> **What you have to do**
Transcribe all the data below exactly, leaving its pictures out.

> **Exercise input**
--------------------
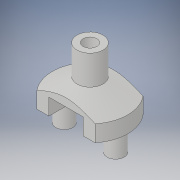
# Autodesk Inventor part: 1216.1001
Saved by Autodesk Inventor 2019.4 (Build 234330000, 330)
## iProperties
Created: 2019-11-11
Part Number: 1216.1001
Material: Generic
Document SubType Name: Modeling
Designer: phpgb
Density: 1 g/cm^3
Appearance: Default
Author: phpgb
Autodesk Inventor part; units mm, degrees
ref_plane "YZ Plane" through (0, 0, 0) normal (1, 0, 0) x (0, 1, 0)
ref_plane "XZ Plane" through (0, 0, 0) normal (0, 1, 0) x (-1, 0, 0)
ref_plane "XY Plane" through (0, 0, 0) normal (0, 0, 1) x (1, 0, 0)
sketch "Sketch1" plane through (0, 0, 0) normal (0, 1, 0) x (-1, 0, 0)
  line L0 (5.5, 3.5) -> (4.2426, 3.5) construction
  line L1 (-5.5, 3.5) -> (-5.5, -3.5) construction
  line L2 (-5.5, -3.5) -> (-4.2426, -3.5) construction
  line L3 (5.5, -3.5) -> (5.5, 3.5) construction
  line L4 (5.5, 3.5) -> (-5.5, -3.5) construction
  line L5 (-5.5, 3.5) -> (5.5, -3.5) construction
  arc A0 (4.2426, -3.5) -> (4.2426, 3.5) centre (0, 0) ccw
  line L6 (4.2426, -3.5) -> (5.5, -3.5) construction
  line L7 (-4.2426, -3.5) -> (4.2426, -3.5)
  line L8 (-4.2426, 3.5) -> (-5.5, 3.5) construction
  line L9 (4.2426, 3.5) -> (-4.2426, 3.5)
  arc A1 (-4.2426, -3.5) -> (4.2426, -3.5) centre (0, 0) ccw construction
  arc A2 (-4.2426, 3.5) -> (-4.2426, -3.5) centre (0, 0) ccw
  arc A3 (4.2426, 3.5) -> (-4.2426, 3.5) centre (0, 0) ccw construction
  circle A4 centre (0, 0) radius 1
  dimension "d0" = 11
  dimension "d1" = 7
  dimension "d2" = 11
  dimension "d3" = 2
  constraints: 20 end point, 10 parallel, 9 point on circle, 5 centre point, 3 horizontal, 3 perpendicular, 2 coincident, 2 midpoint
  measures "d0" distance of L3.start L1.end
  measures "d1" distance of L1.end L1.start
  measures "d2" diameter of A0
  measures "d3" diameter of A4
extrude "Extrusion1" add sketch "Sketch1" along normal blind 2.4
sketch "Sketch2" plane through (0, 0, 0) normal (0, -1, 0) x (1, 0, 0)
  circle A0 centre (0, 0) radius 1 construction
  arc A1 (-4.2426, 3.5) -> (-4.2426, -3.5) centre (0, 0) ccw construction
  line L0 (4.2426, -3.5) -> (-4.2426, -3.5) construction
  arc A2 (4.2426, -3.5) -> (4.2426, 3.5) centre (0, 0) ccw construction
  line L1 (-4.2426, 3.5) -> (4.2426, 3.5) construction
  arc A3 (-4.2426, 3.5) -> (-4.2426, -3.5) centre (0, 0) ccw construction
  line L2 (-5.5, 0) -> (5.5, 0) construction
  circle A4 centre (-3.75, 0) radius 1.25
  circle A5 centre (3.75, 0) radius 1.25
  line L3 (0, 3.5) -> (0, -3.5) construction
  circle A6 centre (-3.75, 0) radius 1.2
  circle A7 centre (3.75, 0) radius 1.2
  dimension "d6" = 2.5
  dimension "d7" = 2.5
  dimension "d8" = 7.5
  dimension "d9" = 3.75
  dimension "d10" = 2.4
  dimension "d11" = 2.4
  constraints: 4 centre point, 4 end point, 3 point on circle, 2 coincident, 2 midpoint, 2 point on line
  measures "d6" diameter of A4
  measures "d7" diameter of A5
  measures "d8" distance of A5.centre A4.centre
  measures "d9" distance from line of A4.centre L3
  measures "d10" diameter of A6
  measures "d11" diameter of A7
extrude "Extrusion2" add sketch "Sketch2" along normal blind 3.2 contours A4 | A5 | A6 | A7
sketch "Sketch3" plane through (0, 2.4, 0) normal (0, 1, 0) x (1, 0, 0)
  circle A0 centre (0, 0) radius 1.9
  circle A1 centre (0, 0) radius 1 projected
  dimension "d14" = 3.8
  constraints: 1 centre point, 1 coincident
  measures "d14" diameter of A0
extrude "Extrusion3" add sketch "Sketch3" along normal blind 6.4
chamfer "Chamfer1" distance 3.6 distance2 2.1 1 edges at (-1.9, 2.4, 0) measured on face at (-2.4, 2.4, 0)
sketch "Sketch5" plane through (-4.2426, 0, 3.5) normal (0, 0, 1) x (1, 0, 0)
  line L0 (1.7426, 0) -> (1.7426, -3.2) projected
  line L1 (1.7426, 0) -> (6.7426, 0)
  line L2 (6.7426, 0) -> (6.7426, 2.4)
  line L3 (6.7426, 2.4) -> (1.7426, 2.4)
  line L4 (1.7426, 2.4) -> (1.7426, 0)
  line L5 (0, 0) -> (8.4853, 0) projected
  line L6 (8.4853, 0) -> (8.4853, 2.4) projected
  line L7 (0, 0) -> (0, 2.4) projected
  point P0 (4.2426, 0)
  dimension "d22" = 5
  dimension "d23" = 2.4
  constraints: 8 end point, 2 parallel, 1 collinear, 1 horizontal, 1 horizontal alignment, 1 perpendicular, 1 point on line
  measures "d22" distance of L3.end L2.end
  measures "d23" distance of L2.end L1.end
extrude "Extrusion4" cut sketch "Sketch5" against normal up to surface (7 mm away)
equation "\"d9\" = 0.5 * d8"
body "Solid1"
--------------------
> **Solution to the exercise**
# Autodesk Inventor part: 1216.1001
Saved by Autodesk Inventor 2019.4 (Build 234330000, 330)
## iProperties
Created: 2019-11-11
Part Number: 1216.1001
Material: Generic
Document SubType Name: Modeling
Designer: phpgb
Density: 1 g/cm^3
Appearance: Default
Author: phpgb
Autodesk Inventor part; units mm, degrees
ref_plane "YZ Plane" through (0, 0, 0) normal (1, 0, 0) x (0, 1, 0)
ref_plane "XZ Plane" through (0, 0, 0) normal (0, 1, 0) x (-1, 0, 0)
ref_plane "XY Plane" through (0, 0, 0) normal (0, 0, 1) x (1, 0, 0)
sketch "Sketch1" plane through (0, 0, 0) normal (0, 1, 0) x (-1, 0, 0)
  line L0 (5.5, 3.5) -> (4.2426, 3.5) construction
  line L1 (-5.5, 3.5) -> (-5.5, -3.5) construction
  line L2 (-5.5, -3.5) -> (-4.2426, -3.5) construction
  line L3 (5.5, -3.5) -> (5.5, 3.5) construction
  line L4 (5.5, 3.5) -> (-5.5, -3.5) construction
  line L5 (-5.5, 3.5) -> (5.5, -3.5) construction
  arc A0 (4.2426, -3.5) -> (4.2426, 3.5) centre (0, 0) ccw
  line L6 (4.2426, -3.5) -> (5.5, -3.5) construction
  line L7 (-4.2426, -3.5) -> (4.2426, -3.5)
  line L8 (-4.2426, 3.5) -> (-5.5, 3.5) construction
  line L9 (4.2426, 3.5) -> (-4.2426, 3.5)
  arc A1 (-4.2426, -3.5) -> (4.2426, -3.5) centre (0, 0) ccw construction
  arc A2 (-4.2426, 3.5) -> (-4.2426, -3.5) centre (0, 0) ccw
  arc A3 (4.2426, 3.5) -> (-4.2426, 3.5) centre (0, 0) ccw construction
  circle A4 centre (0, 0) radius 1
  dimension "d0" = 11
  dimension "d1" = 7
  dimension "d2" = 11
  dimension "d3" = 2
  constraints: 20 end point, 10 parallel, 9 point on circle, 5 centre point, 3 horizontal, 3 perpendicular, 2 coincident, 2 midpoint
  measures "d0" distance of L3.start L1.end
  measures "d1" distance of L1.end L1.start
  measures "d2" diameter of A0
  measures "d3" diameter of A4
extrude "Extrusion1" add sketch "Sketch1" along normal blind 2.4
sketch "Sketch2" plane through (0, 0, 0) normal (0, -1, 0) x (1, 0, 0)
  circle A0 centre (0, 0) radius 1 construction
  arc A1 (-4.2426, 3.5) -> (-4.2426, -3.5) centre (0, 0) ccw construction
  line L0 (4.2426, -3.5) -> (-4.2426, -3.5) construction
  arc A2 (4.2426, -3.5) -> (4.2426, 3.5) centre (0, 0) ccw construction
  line L1 (-4.2426, 3.5) -> (4.2426, 3.5) construction
  arc A3 (-4.2426, 3.5) -> (-4.2426, -3.5) centre (0, 0) ccw construction
  line L2 (-5.5, 0) -> (5.5, 0) construction
  circle A4 centre (-3.75, 0) radius 1.25
  circle A5 centre (3.75, 0) radius 1.25
  line L3 (0, 3.5) -> (0, -3.5) construction
  circle A6 centre (-3.75, 0) radius 1.2
  circle A7 centre (3.75, 0) radius 1.2
  dimension "d6" = 2.5
  dimension "d7" = 2.5
  dimension "d8" = 7.5
  dimension "d9" = 3.75
  dimension "d10" = 2.4
  dimension "d11" = 2.4
  constraints: 4 centre point, 4 end point, 3 point on circle, 2 coincident, 2 midpoint, 2 point on line
  measures "d6" diameter of A4
  measures "d7" diameter of A5
  measures "d8" distance of A5.centre A4.centre
  measures "d9" distance from line of A4.centre L3
  measures "d10" diameter of A6
  measures "d11" diameter of A7
extrude "Extrusion2" add sketch "Sketch2" along normal blind 3.2 contours A4 | A5 | A6 | A7
sketch "Sketch3" plane through (0, 2.4, 0) normal (0, 1, 0) x (1, 0, 0)
  circle A0 centre (0, 0) radius 1.9
  circle A1 centre (0, 0) radius 1 projected
  dimension "d14" = 3.8
  constraints: 1 centre point, 1 coincident
  measures "d14" diameter of A0
extrude "Extrusion3" add sketch "Sketch3" along normal blind 6.4
chamfer "Chamfer1" distance 3.6 distance2 2.1 1 edges at (-1.9, 2.4, 0) measured on face at (-2.4, 2.4, 0)
sketch "Sketch5" plane through (-4.2426, 0, 3.5) normal (0, 0, 1) x (1, 0, 0)
  line L0 (1.7426, 0) -> (1.7426, -3.2) projected
  line L1 (1.7426, 0) -> (6.7426, 0)
  line L2 (6.7426, 0) -> (6.7426, 2.4)
  line L3 (6.7426, 2.4) -> (1.7426, 2.4)
  line L4 (1.7426, 2.4) -> (1.7426, 0)
  line L5 (0, 0) -> (8.4853, 0) projected
  line L6 (8.4853, 0) -> (8.4853, 2.4) projected
  line L7 (0, 0) -> (0, 2.4) projected
  point P0 (4.2426, 0)
  dimension "d22" = 5
  dimension "d23" = 2.4
  constraints: 8 end point, 2 parallel, 1 collinear, 1 horizontal, 1 horizontal alignment, 1 perpendicular, 1 point on line
  measures "d22" distance of L3.end L2.end
  measures "d23" distance of L2.end L1.end
extrude "Extrusion4" cut sketch "Sketch5" against normal up to surface (7 mm away)
equation "\"d9\" = 0.5 * d8"
body "Solid1"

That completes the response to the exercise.